Kenyan Court Clears Diageo’s $2.3 Billion Sale of East Africa Breweries Stake to Asahi

Kenya’s High Court has dismissed an application by Bia Tosha Distributors Limited seeking to halt Diageo’s planned sale of its majority stake in East African Breweries PLC (EABL) to Japan’s Asahi Group Holdings, clearing the way for the KSh 297 billion ( $2.3 billion) transaction to proceed.

Justice Bahati Mwamuye ruled on April 9 that the petitioner’s notice of motion dated 5th January 2026 is hereby dismissed, and lifted all interim orders that had previously frozen aspects of the deal. The court determined that Bia Tosha failed to meet the threshold required to sustain an injunction against the transaction, noting that blocking the sale would result in greater commercial harm.

Bia Tosha, a major beer distributor for EABL, had approached the court arguing that the sale would undermine its ability to enforce judgments in ongoing contractual disputes with Diageo’s Kenyan operations and adversely affect its distribution rights following the change in ownership. Its lawyer, Kenneth Kipligat, had warned that Diageo’s exit from Kenya would leave the firm with limited recourse. However, the judge held that the issues raised were primarily contractual in nature and could be pursued through separate legal proceedings without interrupting the ownership transfer. The court emphasized that a private commercial dispute between parties does not justify suspending a major corporate transaction of this scale. The underlying dispute between Bia Tosha and EABL will continue independently before the courts.

Transaction Detail

The transaction, announced on December 17, 2025, involves Diageo selling its entire interest in East African operations through two inter-conditional share purchase agreements with a combined equity value consideration of $3 billion. For Diageo Kenya Limited (DKL), the seller is Diageo Holdings Netherlands B.V. while the buyers are Asahi Group Holdings Ltd. and its subsidiary Asahi Europe & International Ltd (AEI). The agreement covers the transfer of 100 percent of the shares in DKL for a consideration of 2,354 million US dollars on an equity value basis, equivalent to approximately 365.2 billion yen. For UDV (Kenya) Limited (UDVK), the seller is Diageo Great Britain Limited and the buyers are again Asahi Group Holdings Ltd. and AEI, with the transfer of 53.68 percent of the shares in UDVK for 646 million US dollars on an equity value basis.

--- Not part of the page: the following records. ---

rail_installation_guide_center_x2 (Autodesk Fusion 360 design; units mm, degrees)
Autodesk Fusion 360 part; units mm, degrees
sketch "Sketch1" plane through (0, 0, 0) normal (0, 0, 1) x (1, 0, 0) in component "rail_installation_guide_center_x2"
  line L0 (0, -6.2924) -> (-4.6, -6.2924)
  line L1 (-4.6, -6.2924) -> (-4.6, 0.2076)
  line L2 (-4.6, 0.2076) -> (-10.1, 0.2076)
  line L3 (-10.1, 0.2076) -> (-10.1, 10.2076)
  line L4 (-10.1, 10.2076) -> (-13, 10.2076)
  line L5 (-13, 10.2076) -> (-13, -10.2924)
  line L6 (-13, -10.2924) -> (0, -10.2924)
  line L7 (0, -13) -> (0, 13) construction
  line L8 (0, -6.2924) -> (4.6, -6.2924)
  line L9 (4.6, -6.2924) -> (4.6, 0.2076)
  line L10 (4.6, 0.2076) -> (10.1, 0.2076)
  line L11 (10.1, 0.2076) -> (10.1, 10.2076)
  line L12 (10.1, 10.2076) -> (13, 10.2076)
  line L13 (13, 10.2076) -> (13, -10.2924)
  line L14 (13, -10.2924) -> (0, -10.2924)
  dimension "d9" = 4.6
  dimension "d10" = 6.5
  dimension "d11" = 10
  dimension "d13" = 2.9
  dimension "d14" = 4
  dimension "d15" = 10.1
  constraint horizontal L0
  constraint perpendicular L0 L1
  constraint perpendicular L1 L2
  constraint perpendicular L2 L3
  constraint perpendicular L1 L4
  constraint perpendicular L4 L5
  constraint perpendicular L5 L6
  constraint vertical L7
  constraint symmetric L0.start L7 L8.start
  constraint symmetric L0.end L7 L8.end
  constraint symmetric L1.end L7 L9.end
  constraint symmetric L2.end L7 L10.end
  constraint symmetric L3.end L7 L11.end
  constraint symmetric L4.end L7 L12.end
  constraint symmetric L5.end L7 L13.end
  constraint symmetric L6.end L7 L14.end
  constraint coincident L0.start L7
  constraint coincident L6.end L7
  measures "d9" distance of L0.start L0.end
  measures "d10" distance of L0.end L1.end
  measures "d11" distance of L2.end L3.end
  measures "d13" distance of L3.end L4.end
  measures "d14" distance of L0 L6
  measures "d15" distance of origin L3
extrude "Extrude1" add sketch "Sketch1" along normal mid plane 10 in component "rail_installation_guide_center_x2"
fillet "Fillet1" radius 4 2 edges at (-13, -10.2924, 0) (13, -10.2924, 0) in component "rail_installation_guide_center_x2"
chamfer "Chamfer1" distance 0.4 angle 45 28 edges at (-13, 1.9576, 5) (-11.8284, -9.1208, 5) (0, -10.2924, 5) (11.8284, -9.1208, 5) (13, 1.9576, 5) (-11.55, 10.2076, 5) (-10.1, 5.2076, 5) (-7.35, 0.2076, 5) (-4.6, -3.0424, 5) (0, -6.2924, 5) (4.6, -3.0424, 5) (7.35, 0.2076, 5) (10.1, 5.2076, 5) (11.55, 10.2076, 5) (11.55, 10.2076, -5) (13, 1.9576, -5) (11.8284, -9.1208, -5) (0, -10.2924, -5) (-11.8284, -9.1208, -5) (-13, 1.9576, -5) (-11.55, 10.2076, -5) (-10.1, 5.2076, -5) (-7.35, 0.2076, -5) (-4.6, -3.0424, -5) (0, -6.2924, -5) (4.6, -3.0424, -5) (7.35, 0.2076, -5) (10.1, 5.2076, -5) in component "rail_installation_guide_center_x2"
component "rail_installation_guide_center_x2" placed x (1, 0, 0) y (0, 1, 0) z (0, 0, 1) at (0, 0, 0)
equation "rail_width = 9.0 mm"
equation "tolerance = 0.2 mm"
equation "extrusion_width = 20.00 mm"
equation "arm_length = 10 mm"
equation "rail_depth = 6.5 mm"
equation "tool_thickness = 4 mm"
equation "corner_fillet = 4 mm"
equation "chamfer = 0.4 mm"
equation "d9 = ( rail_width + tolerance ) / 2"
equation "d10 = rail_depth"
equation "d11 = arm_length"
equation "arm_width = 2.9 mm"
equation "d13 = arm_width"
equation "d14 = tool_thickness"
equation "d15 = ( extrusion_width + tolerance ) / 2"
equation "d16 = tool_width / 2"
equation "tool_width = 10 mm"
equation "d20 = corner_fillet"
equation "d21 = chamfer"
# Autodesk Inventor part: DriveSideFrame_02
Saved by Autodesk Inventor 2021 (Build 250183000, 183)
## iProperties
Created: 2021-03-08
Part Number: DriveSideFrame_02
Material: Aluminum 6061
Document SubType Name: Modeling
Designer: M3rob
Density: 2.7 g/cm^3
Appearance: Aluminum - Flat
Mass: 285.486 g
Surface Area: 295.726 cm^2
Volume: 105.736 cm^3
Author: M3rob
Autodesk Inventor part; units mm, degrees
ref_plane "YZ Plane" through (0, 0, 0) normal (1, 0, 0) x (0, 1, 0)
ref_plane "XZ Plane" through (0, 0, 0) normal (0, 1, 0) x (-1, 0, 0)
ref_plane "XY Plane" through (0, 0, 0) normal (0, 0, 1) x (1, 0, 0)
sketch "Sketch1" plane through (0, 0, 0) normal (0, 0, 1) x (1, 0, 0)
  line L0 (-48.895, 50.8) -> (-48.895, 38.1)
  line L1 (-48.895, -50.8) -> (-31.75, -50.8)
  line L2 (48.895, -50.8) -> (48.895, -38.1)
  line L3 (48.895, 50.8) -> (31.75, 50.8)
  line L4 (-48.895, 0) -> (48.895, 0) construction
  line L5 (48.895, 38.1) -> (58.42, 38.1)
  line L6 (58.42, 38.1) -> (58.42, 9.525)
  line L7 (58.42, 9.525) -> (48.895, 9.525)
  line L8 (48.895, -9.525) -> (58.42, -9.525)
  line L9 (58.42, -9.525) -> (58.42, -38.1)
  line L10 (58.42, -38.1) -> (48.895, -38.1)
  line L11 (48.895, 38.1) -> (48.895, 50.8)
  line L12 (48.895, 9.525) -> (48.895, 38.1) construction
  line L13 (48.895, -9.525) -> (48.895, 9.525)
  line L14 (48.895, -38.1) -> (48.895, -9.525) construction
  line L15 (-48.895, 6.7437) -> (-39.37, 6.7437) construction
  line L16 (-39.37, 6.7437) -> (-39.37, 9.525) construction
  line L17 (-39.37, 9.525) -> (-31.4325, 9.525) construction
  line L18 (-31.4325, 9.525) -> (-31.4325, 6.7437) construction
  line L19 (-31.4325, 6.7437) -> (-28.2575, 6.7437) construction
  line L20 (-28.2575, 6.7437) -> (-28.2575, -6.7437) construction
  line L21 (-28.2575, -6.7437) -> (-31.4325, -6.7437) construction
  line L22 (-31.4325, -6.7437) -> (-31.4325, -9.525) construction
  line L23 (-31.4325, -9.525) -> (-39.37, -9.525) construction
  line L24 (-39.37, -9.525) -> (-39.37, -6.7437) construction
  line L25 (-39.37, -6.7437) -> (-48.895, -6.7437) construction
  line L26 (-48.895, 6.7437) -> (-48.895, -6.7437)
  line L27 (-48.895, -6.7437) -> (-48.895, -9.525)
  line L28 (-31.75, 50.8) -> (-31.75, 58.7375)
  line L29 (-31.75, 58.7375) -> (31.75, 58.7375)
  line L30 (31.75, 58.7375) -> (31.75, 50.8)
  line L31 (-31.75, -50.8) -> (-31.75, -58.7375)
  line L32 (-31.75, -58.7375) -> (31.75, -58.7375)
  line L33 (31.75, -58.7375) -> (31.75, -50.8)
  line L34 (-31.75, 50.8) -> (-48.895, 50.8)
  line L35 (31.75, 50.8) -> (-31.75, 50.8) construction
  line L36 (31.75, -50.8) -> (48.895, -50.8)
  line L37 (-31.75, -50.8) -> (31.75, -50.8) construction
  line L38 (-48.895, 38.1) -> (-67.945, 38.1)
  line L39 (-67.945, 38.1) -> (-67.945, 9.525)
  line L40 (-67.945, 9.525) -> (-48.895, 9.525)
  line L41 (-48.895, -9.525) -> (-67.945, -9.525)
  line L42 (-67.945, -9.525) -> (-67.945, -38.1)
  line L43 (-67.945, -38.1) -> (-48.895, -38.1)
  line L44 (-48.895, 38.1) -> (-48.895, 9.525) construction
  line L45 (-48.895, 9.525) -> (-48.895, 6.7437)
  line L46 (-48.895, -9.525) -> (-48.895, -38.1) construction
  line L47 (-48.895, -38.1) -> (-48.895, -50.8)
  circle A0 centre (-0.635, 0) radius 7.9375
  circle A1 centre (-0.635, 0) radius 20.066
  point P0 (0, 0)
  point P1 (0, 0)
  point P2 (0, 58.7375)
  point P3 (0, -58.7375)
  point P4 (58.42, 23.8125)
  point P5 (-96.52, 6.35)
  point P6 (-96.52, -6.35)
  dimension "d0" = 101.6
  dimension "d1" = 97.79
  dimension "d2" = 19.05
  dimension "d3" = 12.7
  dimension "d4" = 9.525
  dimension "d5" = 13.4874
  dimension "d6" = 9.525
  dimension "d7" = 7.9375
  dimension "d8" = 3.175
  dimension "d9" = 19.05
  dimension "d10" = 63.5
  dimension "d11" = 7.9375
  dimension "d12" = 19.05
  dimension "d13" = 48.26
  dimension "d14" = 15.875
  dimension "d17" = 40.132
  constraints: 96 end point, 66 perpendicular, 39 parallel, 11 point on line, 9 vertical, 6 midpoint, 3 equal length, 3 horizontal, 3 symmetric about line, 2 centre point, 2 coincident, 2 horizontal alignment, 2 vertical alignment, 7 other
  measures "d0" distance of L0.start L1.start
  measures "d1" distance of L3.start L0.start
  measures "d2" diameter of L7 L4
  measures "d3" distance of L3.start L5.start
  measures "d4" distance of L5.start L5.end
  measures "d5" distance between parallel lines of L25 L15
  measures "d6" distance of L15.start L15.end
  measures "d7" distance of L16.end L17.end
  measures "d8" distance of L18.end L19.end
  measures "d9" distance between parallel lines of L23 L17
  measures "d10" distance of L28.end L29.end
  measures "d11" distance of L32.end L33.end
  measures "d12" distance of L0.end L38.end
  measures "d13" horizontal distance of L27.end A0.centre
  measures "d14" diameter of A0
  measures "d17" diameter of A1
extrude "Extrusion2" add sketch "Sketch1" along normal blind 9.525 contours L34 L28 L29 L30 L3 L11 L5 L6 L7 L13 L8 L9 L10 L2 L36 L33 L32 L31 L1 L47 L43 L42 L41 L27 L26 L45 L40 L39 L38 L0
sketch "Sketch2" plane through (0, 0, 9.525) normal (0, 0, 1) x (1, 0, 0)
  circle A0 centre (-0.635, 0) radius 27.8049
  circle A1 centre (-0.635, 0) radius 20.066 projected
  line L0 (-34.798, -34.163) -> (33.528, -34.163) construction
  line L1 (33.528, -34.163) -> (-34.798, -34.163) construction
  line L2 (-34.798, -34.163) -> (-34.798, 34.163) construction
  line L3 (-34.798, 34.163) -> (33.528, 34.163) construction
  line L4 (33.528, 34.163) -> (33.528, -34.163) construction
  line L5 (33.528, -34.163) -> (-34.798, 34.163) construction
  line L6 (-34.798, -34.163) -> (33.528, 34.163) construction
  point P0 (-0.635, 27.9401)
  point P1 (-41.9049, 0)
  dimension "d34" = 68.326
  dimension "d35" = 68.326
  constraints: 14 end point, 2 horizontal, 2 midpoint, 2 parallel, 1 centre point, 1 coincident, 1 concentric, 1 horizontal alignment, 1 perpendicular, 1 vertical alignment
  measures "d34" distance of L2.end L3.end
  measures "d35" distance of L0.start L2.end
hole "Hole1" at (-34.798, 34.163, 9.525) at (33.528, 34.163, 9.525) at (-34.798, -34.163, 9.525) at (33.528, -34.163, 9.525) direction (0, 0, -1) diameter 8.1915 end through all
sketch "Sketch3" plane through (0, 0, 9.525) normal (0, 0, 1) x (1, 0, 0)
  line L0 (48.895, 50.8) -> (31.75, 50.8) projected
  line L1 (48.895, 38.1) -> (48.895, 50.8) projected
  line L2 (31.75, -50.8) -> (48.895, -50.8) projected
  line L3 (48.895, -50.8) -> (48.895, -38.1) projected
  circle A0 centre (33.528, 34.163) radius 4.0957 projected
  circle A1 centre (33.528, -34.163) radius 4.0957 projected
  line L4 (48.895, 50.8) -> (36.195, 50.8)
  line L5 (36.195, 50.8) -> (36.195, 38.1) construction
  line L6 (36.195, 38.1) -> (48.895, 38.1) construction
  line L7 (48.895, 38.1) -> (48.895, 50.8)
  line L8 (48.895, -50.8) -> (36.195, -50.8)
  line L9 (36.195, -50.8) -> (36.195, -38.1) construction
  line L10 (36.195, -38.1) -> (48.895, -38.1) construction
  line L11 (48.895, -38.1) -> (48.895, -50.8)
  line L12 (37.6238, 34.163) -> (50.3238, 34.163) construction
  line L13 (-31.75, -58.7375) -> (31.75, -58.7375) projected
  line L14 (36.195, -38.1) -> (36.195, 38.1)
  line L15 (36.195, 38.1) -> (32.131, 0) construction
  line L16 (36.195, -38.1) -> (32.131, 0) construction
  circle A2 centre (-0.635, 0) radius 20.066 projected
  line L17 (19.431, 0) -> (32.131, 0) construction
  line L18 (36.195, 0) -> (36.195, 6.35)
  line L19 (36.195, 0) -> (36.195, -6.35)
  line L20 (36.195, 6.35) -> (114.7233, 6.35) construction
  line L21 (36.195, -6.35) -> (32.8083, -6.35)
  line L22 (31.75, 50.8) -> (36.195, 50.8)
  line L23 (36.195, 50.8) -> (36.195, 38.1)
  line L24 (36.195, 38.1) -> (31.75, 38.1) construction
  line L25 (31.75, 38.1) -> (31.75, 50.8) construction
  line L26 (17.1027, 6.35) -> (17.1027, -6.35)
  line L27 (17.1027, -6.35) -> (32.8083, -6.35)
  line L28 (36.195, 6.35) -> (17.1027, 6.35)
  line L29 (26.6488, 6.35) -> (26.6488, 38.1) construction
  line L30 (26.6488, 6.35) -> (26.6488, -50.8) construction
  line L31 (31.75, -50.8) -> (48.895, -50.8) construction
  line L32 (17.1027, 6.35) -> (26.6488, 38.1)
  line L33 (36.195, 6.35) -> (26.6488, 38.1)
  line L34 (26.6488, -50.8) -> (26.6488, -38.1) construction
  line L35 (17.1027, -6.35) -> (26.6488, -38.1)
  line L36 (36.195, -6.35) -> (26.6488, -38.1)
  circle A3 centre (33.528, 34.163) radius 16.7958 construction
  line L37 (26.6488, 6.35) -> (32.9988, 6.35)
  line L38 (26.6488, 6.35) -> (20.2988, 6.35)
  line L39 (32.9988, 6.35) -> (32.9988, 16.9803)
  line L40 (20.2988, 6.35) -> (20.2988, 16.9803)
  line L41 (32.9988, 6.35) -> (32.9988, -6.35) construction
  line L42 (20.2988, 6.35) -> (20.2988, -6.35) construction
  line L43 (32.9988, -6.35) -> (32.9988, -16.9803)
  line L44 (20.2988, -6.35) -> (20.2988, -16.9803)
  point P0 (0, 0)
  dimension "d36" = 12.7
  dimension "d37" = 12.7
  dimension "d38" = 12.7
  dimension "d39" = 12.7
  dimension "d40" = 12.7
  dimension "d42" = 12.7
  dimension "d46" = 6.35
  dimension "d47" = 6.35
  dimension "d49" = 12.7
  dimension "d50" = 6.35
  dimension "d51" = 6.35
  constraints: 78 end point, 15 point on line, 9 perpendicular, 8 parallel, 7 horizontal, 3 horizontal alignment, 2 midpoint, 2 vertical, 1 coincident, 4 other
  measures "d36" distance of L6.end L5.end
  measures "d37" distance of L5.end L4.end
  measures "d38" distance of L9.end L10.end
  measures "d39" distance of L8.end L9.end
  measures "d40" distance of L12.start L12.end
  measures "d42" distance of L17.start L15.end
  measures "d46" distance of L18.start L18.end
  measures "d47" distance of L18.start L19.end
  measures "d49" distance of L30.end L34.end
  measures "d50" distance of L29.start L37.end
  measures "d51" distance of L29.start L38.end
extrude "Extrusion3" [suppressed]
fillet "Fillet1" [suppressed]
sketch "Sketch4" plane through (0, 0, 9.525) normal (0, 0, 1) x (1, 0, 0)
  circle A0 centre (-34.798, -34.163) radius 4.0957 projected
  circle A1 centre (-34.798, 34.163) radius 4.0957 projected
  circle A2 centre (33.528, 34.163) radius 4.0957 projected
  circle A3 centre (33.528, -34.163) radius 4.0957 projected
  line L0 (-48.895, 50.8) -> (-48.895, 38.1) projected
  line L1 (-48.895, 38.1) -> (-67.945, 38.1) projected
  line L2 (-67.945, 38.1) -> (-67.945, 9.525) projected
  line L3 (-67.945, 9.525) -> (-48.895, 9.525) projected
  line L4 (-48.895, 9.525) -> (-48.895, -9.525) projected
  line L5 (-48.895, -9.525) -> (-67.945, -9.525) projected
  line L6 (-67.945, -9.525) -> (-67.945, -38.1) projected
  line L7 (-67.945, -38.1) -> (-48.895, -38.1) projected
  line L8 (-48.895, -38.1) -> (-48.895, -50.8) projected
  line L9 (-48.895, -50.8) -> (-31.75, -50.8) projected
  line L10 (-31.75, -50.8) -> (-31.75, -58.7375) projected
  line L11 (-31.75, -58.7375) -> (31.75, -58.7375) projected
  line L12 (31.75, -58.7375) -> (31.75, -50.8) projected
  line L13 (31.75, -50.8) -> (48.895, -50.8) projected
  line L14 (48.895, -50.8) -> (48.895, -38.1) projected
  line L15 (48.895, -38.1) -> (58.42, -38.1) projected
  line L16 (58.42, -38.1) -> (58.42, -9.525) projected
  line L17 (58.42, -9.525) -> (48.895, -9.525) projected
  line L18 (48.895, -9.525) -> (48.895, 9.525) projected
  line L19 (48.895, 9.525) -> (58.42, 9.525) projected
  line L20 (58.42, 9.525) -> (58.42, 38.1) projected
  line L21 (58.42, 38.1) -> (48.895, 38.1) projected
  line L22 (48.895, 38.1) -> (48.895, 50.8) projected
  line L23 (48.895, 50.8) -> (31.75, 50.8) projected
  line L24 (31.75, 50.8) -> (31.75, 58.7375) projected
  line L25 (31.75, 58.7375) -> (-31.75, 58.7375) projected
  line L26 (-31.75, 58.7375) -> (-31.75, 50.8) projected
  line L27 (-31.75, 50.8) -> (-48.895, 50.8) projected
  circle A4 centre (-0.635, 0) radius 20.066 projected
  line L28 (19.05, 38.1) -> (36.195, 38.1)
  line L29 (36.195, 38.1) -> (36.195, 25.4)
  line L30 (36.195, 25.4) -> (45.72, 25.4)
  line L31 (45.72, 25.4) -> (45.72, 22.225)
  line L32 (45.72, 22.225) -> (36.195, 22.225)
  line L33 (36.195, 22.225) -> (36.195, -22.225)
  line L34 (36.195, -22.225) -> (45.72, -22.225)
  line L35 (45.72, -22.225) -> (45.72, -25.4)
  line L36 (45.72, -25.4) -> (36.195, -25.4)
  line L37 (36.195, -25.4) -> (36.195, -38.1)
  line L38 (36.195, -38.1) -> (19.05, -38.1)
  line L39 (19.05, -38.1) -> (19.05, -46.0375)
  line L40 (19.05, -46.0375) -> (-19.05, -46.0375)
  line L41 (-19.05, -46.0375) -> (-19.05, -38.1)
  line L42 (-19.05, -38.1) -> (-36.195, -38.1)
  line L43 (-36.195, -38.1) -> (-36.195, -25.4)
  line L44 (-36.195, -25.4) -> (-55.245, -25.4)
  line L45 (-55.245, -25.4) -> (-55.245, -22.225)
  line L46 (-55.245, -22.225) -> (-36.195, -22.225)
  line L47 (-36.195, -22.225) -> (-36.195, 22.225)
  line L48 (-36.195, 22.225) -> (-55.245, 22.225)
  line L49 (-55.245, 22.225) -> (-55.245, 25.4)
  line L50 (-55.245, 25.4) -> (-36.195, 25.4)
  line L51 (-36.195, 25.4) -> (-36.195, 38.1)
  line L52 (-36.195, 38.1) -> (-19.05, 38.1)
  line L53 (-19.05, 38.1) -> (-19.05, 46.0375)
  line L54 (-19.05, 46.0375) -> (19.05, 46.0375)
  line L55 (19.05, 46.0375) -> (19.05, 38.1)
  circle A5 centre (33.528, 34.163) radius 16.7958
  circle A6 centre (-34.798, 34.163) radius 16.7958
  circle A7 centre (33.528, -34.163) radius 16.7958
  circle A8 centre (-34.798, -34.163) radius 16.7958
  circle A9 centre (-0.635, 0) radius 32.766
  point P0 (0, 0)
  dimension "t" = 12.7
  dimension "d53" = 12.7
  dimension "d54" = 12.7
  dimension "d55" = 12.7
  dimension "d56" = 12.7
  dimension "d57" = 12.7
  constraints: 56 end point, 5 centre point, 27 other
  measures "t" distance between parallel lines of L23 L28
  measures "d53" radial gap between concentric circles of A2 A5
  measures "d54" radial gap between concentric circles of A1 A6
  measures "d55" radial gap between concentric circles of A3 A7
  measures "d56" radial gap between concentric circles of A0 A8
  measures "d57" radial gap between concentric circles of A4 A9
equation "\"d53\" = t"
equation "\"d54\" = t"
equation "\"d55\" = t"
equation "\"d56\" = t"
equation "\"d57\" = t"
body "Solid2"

Both agreements are subject to the same conditions precedent, namely receipt of merger control approvals from the Competition Authority of Kenya, the competent authority in Uganda, and the Fair Competition Commission of Tanzania. Through the transaction, Asahi will indirectly acquire Diageo’s 65 percent controlling stake in EABL, a dominant player in beer, spirits, and ready-to-drink beverages across Kenya, Uganda, and Tanzania. The remaining 35 percent of EABL shares are held by public minority shareholders. Asahi has indicated it has no intention of acquiring the publicly traded shares beyond the 65 percent stake and plans to seek exemptions from mandatory takeover offer requirements from the relevant capital markets authorities in Kenya, Uganda, and Tanzania. It also intends to maintain EABL’s listing status on the securities exchanges in the three countries.

The deal timeline shows that Asahi made the decision to acquire the stakes and executed the share purchase agreements on December 17, 2025. Receipt of the relevant merger control approvals is anticipated in the second half of calendar year 2026, with closing of the transaction also expected in the second half of 2026.

The High Court’s April 9 ruling effectively restores the transaction timeline after several months of legal uncertainty. Regulatory approval processes had already been allowed to continue uninterrupted. With the injunction lifted, Diageo is now free to proceed with the sale, subject to the remaining standard regulatory and completion conditions. This marks Diageo’s full exit from its direct interests in EABL and represents a significant ownership transition for one of East Africa’s largest listed companies.